Large-scale contamination of microbial isolate genomes by Illumina PhiX control
© Mukherjee et al.; licensee BioMed Central. 2015
Received: 21 November 2014
Accepted: 29 January 2015
Published: 30 March 2015
With the rapid growth and development of sequencing technologies, genomes have become the new go-to for exploring solutions to some of the world’s biggest challenges such as searching for alternative energy sources and exploration of genomic dark matter. However, progress in sequencing has been accompanied by its share of errors that can occur during template or library preparation, sequencing, imaging or data analysis. In this study we screened over 18,000 publicly available microbial isolate genome sequences in the Integrated Microbial Genomes database and identified more than 1000 genomes that are contaminated with PhiX, a control frequently used during Illumina sequencing runs. Approximately 10% of these genomes have been published in literature and 129 contaminated genomes were sequenced under the Human Microbiome Project. Raw sequence reads are prone to contamination from various sources and are usually eliminated during downstream quality control steps. Detection of PhiX contaminated genomes indicates a lapse in either the application or effectiveness of proper quality control measures. The presence of PhiX contamination in several publicly available isolate genomes can result in additional errors when such data are used in comparative genomics analyses. Such contamination of public databases have far-reaching consequences in the form of erroneous data interpretation and analyses, and necessitates better measures to proofread raw sequences before releasing them to the broader scientific community.
KeywordsNext-generation sequencing PhiX Contamination Comparative genomics
The ability to produce large numbers of high-quality, low-cost reads has revolutionized the field of microbiology [1–3]. Starting from a meager 1575 registered projects in September 2005, there has been a steady increase in the number of sequencing projects according to the Genomes OnLine Database . As of November 17th 2014, there were 41,553 bacterial and archaeal isolate genome sequencing projects reported in GOLD [4, 5]. This explosion of genome sequencing projects especially during the last 5 years has been largely catalyzed by the development of several next-generation sequencing platforms offering rapid and accurate genome information at a low cost. Among the different NGS technologies available commercially, the sequencing by synthesis technology  championed by Illumina  is the most widely used.
Despite its high accuracy, the Illumina sequencing platform does come with its share of challenges  that need to be addressed by the users of this technology. One such challenge is the protocol in which PhiX is used as a quality and calibration control for sequencing runs. PhiX is an icosahedral, nontailed bacteriophage with a single-stranded DNA. It has a tiny genome with 5386 nucleotides and was the first DNA genome to be sequenced by Fred Sanger . Due to its small, well-defined genome sequence, PhiX has been commonly used as a control for Illumina sequencing runs. For the majority of its library preparations Illumina recommends using PhiX at a low concentration of 1%, which can be raised up to 40% for low diversity samples. Depending on the concentration of PhiX used, it can be spiked in the same lane along with the sample or used as a separate lane. Addition of PhiX as a sequencing control necessitates subsequent quality control steps to remove the sequences such that they do not get integrated as part of the target genome.
Here, we identify and catalog more than 1000 genomes in public databases (i.e. Genbank) that are contaminated with PhiX sequences and the approximately 10% of the genomes that are published in literature. In an era where sequencing data is growing exponentially along with the need to rapidly churn out novel sequences, our report serves as a reminder that it is equally important to develop effective downstream screening and quality control measures to prevent large-scale contamination of public databases. Since preliminary analyses of initial draft sequences lead to formulation of key scientific questions, contamination can result in misinterpretation of data and drawing of erroneous biological conclusions.

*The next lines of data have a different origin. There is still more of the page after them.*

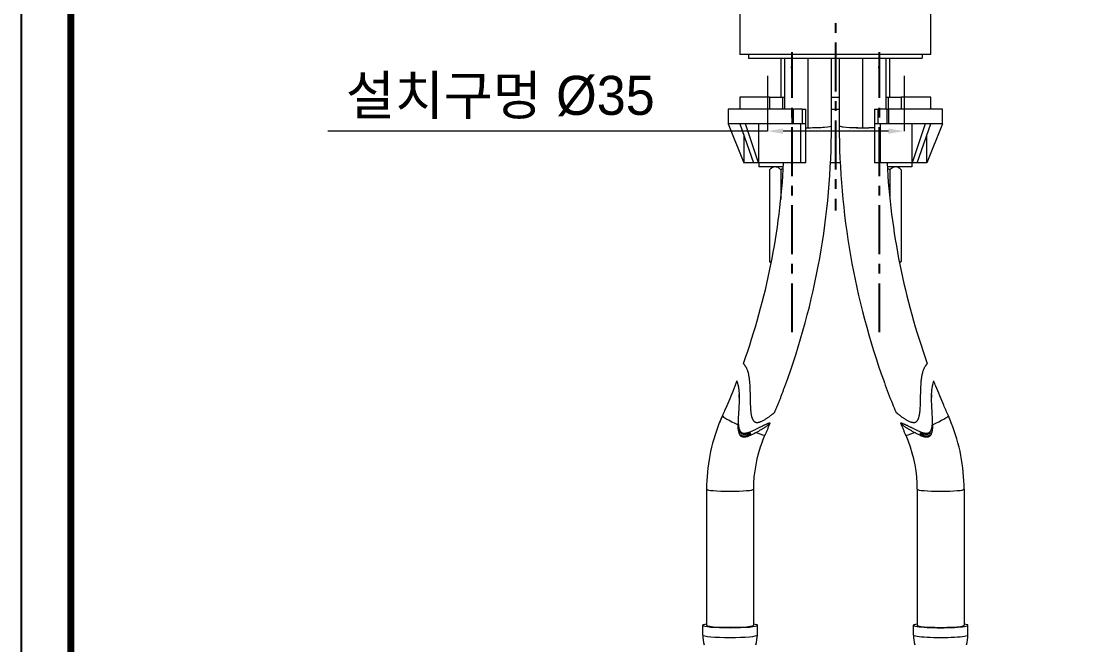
# Model space of a CAD drawing. Extents: x 0 to 790, y 0 to 579.
# Drawn here: x 0 to 272.4, y 131.4 to 291.1 of the extents above; entities that cross this region are included whole.
import ezdxf

# ---------------------------------------------------------------- set-up
doc = ezdxf.new("R2010")
doc.units = 0
doc.header["$LTSCALE"] = 10
doc.header["$MEASUREMENT"] = 0
doc.header["$PDMODE"] = 3
doc.header["$PDSIZE"] = -10
doc.linetypes.add('CENTER', pattern=[2, 1.25, -0.25, 0.25, -0.25])
doc.layers.get('0').update_dxf_attribs({"linetype": 'CONTINUOUS'})
doc.layers.get('DEFPOINTS').update_dxf_attribs({"linetype": 'CONTINUOUS'})
doc.layers.add('1', color=7, linetype='CONTINUOUS')
doc.styles.add('Daelim Dimension', font='')
doc.styles.get('Daelim Dimension').set_extended_font_data('나눔고딕')
doc.dimstyles.new('DEFAULT', dxfattribs={"dimscale": 2, "dimtxt": 2, "dimasz": 2, "dimexe": 0, "dimexo": 2, "dimgap": 1, "dimtad": 1, "dimdec": 0, "dimzin": 9, "dimdsep": 46, "dimtxsty": 'Daelim Dimension', "dimcen": 0.5, "dimclrd": 5, "dimclre": 5, "dimclrt": 256, "dimadec": 1, "dimazin": 0, "dimtfac": 1, "dimtdec": 0, "dimtix": 1, "dimtmove": 0, "dimatfit": 3, "dimfxl": 1, "dimtolj": 1, "dimtzin": 1, "dimlwd": 9, "dimlwe": 9, "dimarcsym": 0})

# ---------------------------------------------------------------- blocks, each defined once
blk = doc.blocks.new('*D0')
at = {"color": 5, "lineweight": 9, "ltscale": 0.5, "transparency": 16777216}
for p, q in [((191.31, 277.16), (191.31, 262.97)), ((226.31, 277.16), (226.31, 262.97)), ((191.31, 262.97), (78.62, 262.97)), ((222.31, 262.97), (195.31, 262.97))]:
    blk.add_line(p, q, dxfattribs=at)
at = {"color": 5, "ltscale": 0.5, "transparency": 16777216}
for points in [[(195.31, 263.64), (195.31, 262.3), (191.31, 262.97)], [(222.31, 263.64), (222.31, 262.3), (226.31, 262.97)]]:
    blk.add_solid(points, dxfattribs=at)
at = {"layer": 'DEFPOINTS', "color": 0, "ltscale": 0.5, "transparency": 16777216}
for p in [(191.31, 281.16), (226.31, 281.16), (226.31, 262.97)]:
    blk.add_point(p, dxfattribs=at)
at = {"color": 7, "ltscale": 0.5, "transparency": 16777216, "insert": (122.8, 271.61), "char_height": 10, "attachment_point": 5, "style": 'Daelim Dimension'}
blk.add_mtext('\\A1;설치구멍 %%C35', dxfattribs=at)

msp = doc.modelspace()

# ---------------------------------------------------------------- linework, layer by layer
at = {"ltscale": 0.5}
msp.add_lwpolyline([(0, 0), (789.88, 0), (789.88, 578.76), (0, 578.76)], close=True, dxfattribs=at)
at = {"color": 5, "linetype": 'ByBlock', "lineweight": 200, "const_width": 1.82}
msp.add_lwpolyline([(12.7, 24.78), (777.1, 24.78), (777.1, 565.32), (12.7, 565.32)], close=True, dxfattribs=at)
at = {"layer": '1', "color": 1, "linetype": 'CENTER'}
msp.add_line((208.69, 425.66), (208.69, 242.65), dxfattribs=at)
at = {"layer": '1', "color": 7, "linetype": 'Continuous', "lineweight": 18}
for p, q in [((184.19, 384.79), (184.19, 282.64)), ((233.19, 282.64), (233.19, 384.79)), ((208.69, 282.64), (184.19, 282.64)), ((186.44, 282.64), (186.44, 281.64)), ((186.44, 281.64), (230.94, 281.64)), ((194.69, 281.64), (194.69, 271.64)), ((195.69, 281.64), (195.69, 268.64)), ((207.69, 264.38), (207.69, 281.64)), ((233.19, 282.64), (208.69, 282.64)), ((209.69, 281.64), (209.69, 264.38)), ((221.69, 268.64), (221.69, 281.64)), ((222.69, 271.64), (222.69, 281.64)), ((230.94, 282.64), (230.94, 281.64)), ((191.81, 271.64), (184.19, 271.64)), ((184.19, 271.64), (184.19, 268.64)), ((191.81, 271.64), (195.19, 271.64)), ((195.19, 271.64), (195.69, 271.64)), ((195.19, 268.64), (195.19, 271.64)), ((207.69, 271.64), (208.69, 271.64)), ((208.69, 271.64), (209.69, 271.64)), ((221.69, 271.64), (222.19, 271.64)), ((222.19, 271.64), (222.19, 268.64)), ((222.19, 271.64), (225.57, 271.64)), ((233.19, 271.64), (225.57, 271.64)), ((233.19, 268.64), (233.19, 271.64)), ((197.52, 268.64), (181.19, 268.64)), ((181.19, 268.64), (181.19, 264.84)), ((197.52, 268.64), (197.93, 268.64)), ((200.14, 268.64), (197.93, 268.64)), ((200.14, 268.64), (201.14, 268.64)), ((201.14, 264.84), (201.14, 268.64)), ((207.69, 268.64), (208.69, 268.64)), ((208.69, 268.64), (209.69, 268.64)), ((218.69, 268.64), (219.69, 268.64)), ((218.69, 268.64), (218.69, 264.84)), ((221.85, 268.64), (219.69, 268.64)), ((221.85, 268.64), (222.35, 268.64)), ((236.19, 268.64), (222.35, 268.64)), ((236.19, 264.84), (236.19, 268.64)), ((181.19, 264.84), (181.23, 264.84)), ((181.23, 264.84), (185.22, 254.84)), ((184.16, 264.84), (181.23, 264.84)), ((184.16, 264.84), (187.74, 254.84)), ((185.64, 264.84), (184.18, 264.84)), ((188.99, 254.84), (185.64, 264.84)), ((197.52, 264.84), (185.64, 264.84)), ((188.99, 264.84), (188.99, 254.84)), ((197.93, 264.84), (197.52, 264.84)), ((200.14, 264.84), (197.93, 264.84)), ((201.14, 264.84), (200.14, 264.84)), ((201.14, 254.84), (201.14, 264.84)), ((218.69, 264.84), (218.69, 254.84)), ((219.69, 264.84), (218.69, 264.84)), ((221.85, 264.84), (219.69, 264.84)), ((222.35, 264.84), (221.85, 264.84)), ((231.72, 264.84), (222.35, 264.84)), ((231.72, 264.84), (228.39, 254.84)), ((228.39, 254.84), (228.39, 264.84)), ((229.64, 254.84), (233.2, 264.84)), ((231.72, 264.84), (231.72, 264.84)), ((233.2, 264.84), (231.74, 264.84)), ((236.15, 264.84), (232.16, 254.84)), ((236.15, 264.84), (233.2, 264.84)), ((236.15, 264.84), (236.15, 264.83)), ((236.19, 264.84), (236.15, 264.84)), ((185.22, 261.87), (185.22, 254.84)), ((232.16, 254.84), (232.16, 261.9)), ((187.74, 254.84), (185.22, 254.84)), ((188.99, 254.84), (187.74, 254.84)), ((199.76, 254.84), (188.99, 254.84)), ((189.09, 254.84), (189.09, 253.84)), ((195.38, 253.84), (189.09, 253.84)), ((192.59, 253.84), (191.81, 253.07)), ((201.14, 254.84), (199.76, 254.84)), ((208.69, 254.84), (207.45, 254.84)), ((209.92, 254.84), (208.69, 254.84)), ((220.18, 254.84), (218.69, 254.84)), ((228.39, 254.84), (220.18, 254.84)), ((228.29, 253.84), (222, 253.84)), ((225.56, 253.07), (224.79, 253.84)), ((228.29, 254.84), (228.29, 253.84)), ((229.64, 254.84), (228.39, 254.84)), ((232.16, 254.84), (229.64, 254.84)), ((191.81, 253.07), (191.81, 229.61)), ((194.7, 253.07), (194.7, 245.5)), ((222.68, 253.07), (222.68, 245.5)), ((225.56, 253.07), (225.56, 229.61)), ((191.81, 229.61), (192.24, 229.19)), ((225.14, 229.19), (225.56, 229.61)), ((184.03, 194.75), (184.03, 195.51)), ((233.35, 195.51), (233.35, 194.74)), ((175.69, 171.23), (175.69, 136.37)), ((187.69, 171.23), (187.69, 136.37)), ((229.69, 171.23), (229.69, 136.36)), ((241.69, 171.23), (241.69, 136.36)), ((174.69, 133.87), (174.69, 136.36)), ((188.69, 133.87), (188.69, 136.36)), ((228.69, 133.87), (228.69, 136.36)), ((242.69, 133.87), (242.69, 136.36))]:
    msp.add_line(p, q, dxfattribs=at)
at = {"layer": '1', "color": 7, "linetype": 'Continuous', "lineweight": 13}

We screened the current list of isolate microbial genomes in the Integrated Microbial Genomes (IMG v 4.0)  against the PhiX genome. The nucleotide sequence of each query genome was compared against PhiX using NCBI-BLASTn  and hits above a percent identity of 90% and e-value of 0.01 were retained. A hit was flagged as being contaminated with PhiX sequences if its total length was at least 80% of the length of the contig.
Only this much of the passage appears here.